1. Product connectivity temperature index [PT (G)]

BP = 396.850+0.748 [PT (G)], EN = 64.216+0.106 [PT (G)], FP = 184.053+0.453 [PT (G)]

MR = 57.416+0.141 [PT (G)], PSA = 29.617+0.271 [PT (G)], ST = 42.638+0.085 [PT (G)]

MV = 166.264+0.333 [PT (G)], COM = 237.722+1.237 [PT (G)]

2. Harmonic temperature index [HT (G)]

BP = 398.336+0.788 [HT (G)], EN = 64.457+0.112 [HT (G)], FP = 185.297+0.476 [HT (G)]

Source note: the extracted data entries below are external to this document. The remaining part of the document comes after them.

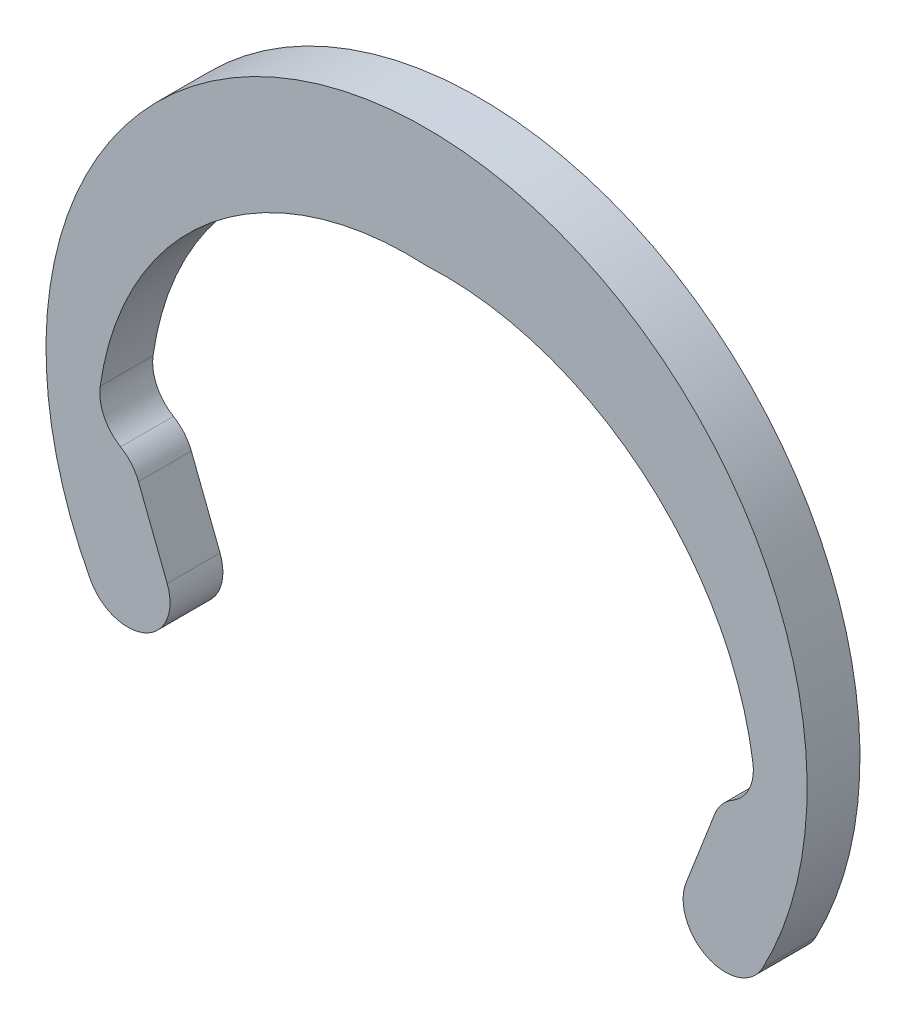
SolidWorks part; units mm, degrees
ref_plane "Plan de face" through (0, 0, 0) normal (0, 0, 1) x (1, 0, 0)
ref_plane "Plan de dessus" through (0, 0, 0) normal (0, 1, 0) x (1, 0, 0)
ref_plane "Plan de droite" through (0, 0, 0) normal (1, 0, 0) x (0, 0, -1)
sketch "Esquisse1" plane through (0, 0, 0) normal (0, 0, 1) x (1, 0, 0)
  line L0 (0, 0) -> (0, 62.0267) construction
  line L1 (-11.221, 7.2) -> (10.9542, 7.2) construction
  line L2 (-13.8095, -3.8) -> (15.5704, -3.8) construction
  line L3 (5.4506, -1.3121) -> (4.9076, -2.7104)
  line L4 (-5.4506, -1.3121) -> (-4.9076, -2.7104)
  arc A0 (6.36, -3.375) -> (-6.36, -3.375) centre (0, 0) ccw
  arc A1 (6.1744, -0.1115) -> (0, 4.9477) centre (0.3332, -0.9428) ccw
  arc A2 (4.9076, -2.7104) -> (6.36, -3.375) centre (5.6533, -3) ccw
  arc A3 (5.7893, -0.913) -> (5.4506, -1.3121) centre (6.1963, -1.6017) ccw
  arc A5 (6.1744, -0.1115) -> (5.7893, -0.913) centre (5.3824, -0.2243) cw
  arc A6 (-6.1744, -0.1115) -> (-5.7893, -0.913) centre (-5.3824, -0.2243) ccw
  arc A8 (-5.7893, -0.913) -> (-5.4506, -1.3121) centre (-6.1963, -1.6017) cw
  arc A9 (-4.9076, -2.7104) -> (-6.36, -3.375) centre (-5.6533, -3) cw
  arc A10 (-6.1744, -0.1115) -> (0, 4.9477) centre (-0.3332, -0.9428) cw
  dimension "D2" = 14.4
  dimension "D3" = 11.8
  dimension "D5" = 1.6
  dimension "D6" = 1.6
  dimension "D8" = 0.8
  dimension "D1" = 1
  dimension "D4" = 11
  dimension "D7" = 1.5
extrude "Extrusion1" add sketch "Esquisse1" along normal blind 1

MR = 57.178+0.150 [HT (G)], PSA = 30.878+0.282 [HT (G)], ST = 43.220+0.088 [HT (G)]

MV = 164.758+0.359 [HT (G)], COM = 243.005+1.295 [HT (G)]

3. Symmetric division temperature index [SDT (G)]

BP = 186.910+6.469 [SDT (G)], EN = 37.003+.912 [SDT (G)], FP = 66.890+4.187 [SDT (G)]

MR = 26.265+1.091 [SDT (G)], PSA = -45232.412+2.279 [SDT (G)], ST = 10.415+0.792 [SDT (G)]

MV = 17.235+2.345 [SDT (G)], COM = 0.494+10.271 [SDT (G)]

4. Modified third temperature index [^mT₃ (G)]

BP = 395.950+1.589 [^mT₃ (G)], EN = 64.102+0.225 [^mT₃ (G)], FP = 183.747+0.961 [^mT₃ (G)]

MR = 56.854+0.301 [^mT₃ (G)], PSA = 29.724+0.572 [^mT₃ (G)], ST = 42.788+0.179 [^mT₃ (G)]

MV = 164.329+0.718 [^mT₃ (G)], COM = 238.144+2.618 [^mT₃ (G)]

5. Modified second temperature index [^mT₂ (G)]

BP = 462.043+0.040 [^mT₂ (G)], EN = 73.347+0.006 [^mT₂ (G)], FP = 224.106+0.024 [^mT₂ (G)]

MR = 69.634+0.008 [^mT₂ (G)], PSA = 50.813+0.015 [^mT₂ (G)], ST = 49.727+0.005 [^mT₂ (G)]

MV = 194.512+0.018 [^mT₂ (G)], COM = 333.617+0.070 [^mT₂ (G)]

6. Second hyper temperature indices [HT₂ (G)]

BP = 696.092–15380.93 [HT₂ (G)], EN = 106.779–2199.264 [HT₂ (G)]

MR = 120.232–3735.217 [HT₂ (G)], MV = 323.901–10116.120 [HT₂ (G)]

7. F-temperature index FT (G)

MR = 120.232–3735.217 [FT (G)], MV = 323.901–10116.120 [FT (G)]

8. First hyper temperature indices HT₁ (G)

MR = 120.232–3735.217 [HT₁ (G)], MV = 323.901–10116.120 [HT₁ (G)]

9. Second temperature index T₂ (G)

MR = 120.232–3735.217 [T₂ (G)], MV = 323.901–10116.120 [T₂ (G)]

10. Sum connectivity temperature index [ST (G)]

BP = 327.804+4.642 [ST (G)], EN = 54.435+.658 [ST (G)], FP = 149.323+2.682 [ST (G)]

MR = 42.390+.911 [ST (G)], PSA = 11.502+1.565 [ST (G)], ST = 37.512+.481 [ST (G)]

MV = 125.946+2.239 [ST (G)], COM = 127.395+7.726 [ST (G)]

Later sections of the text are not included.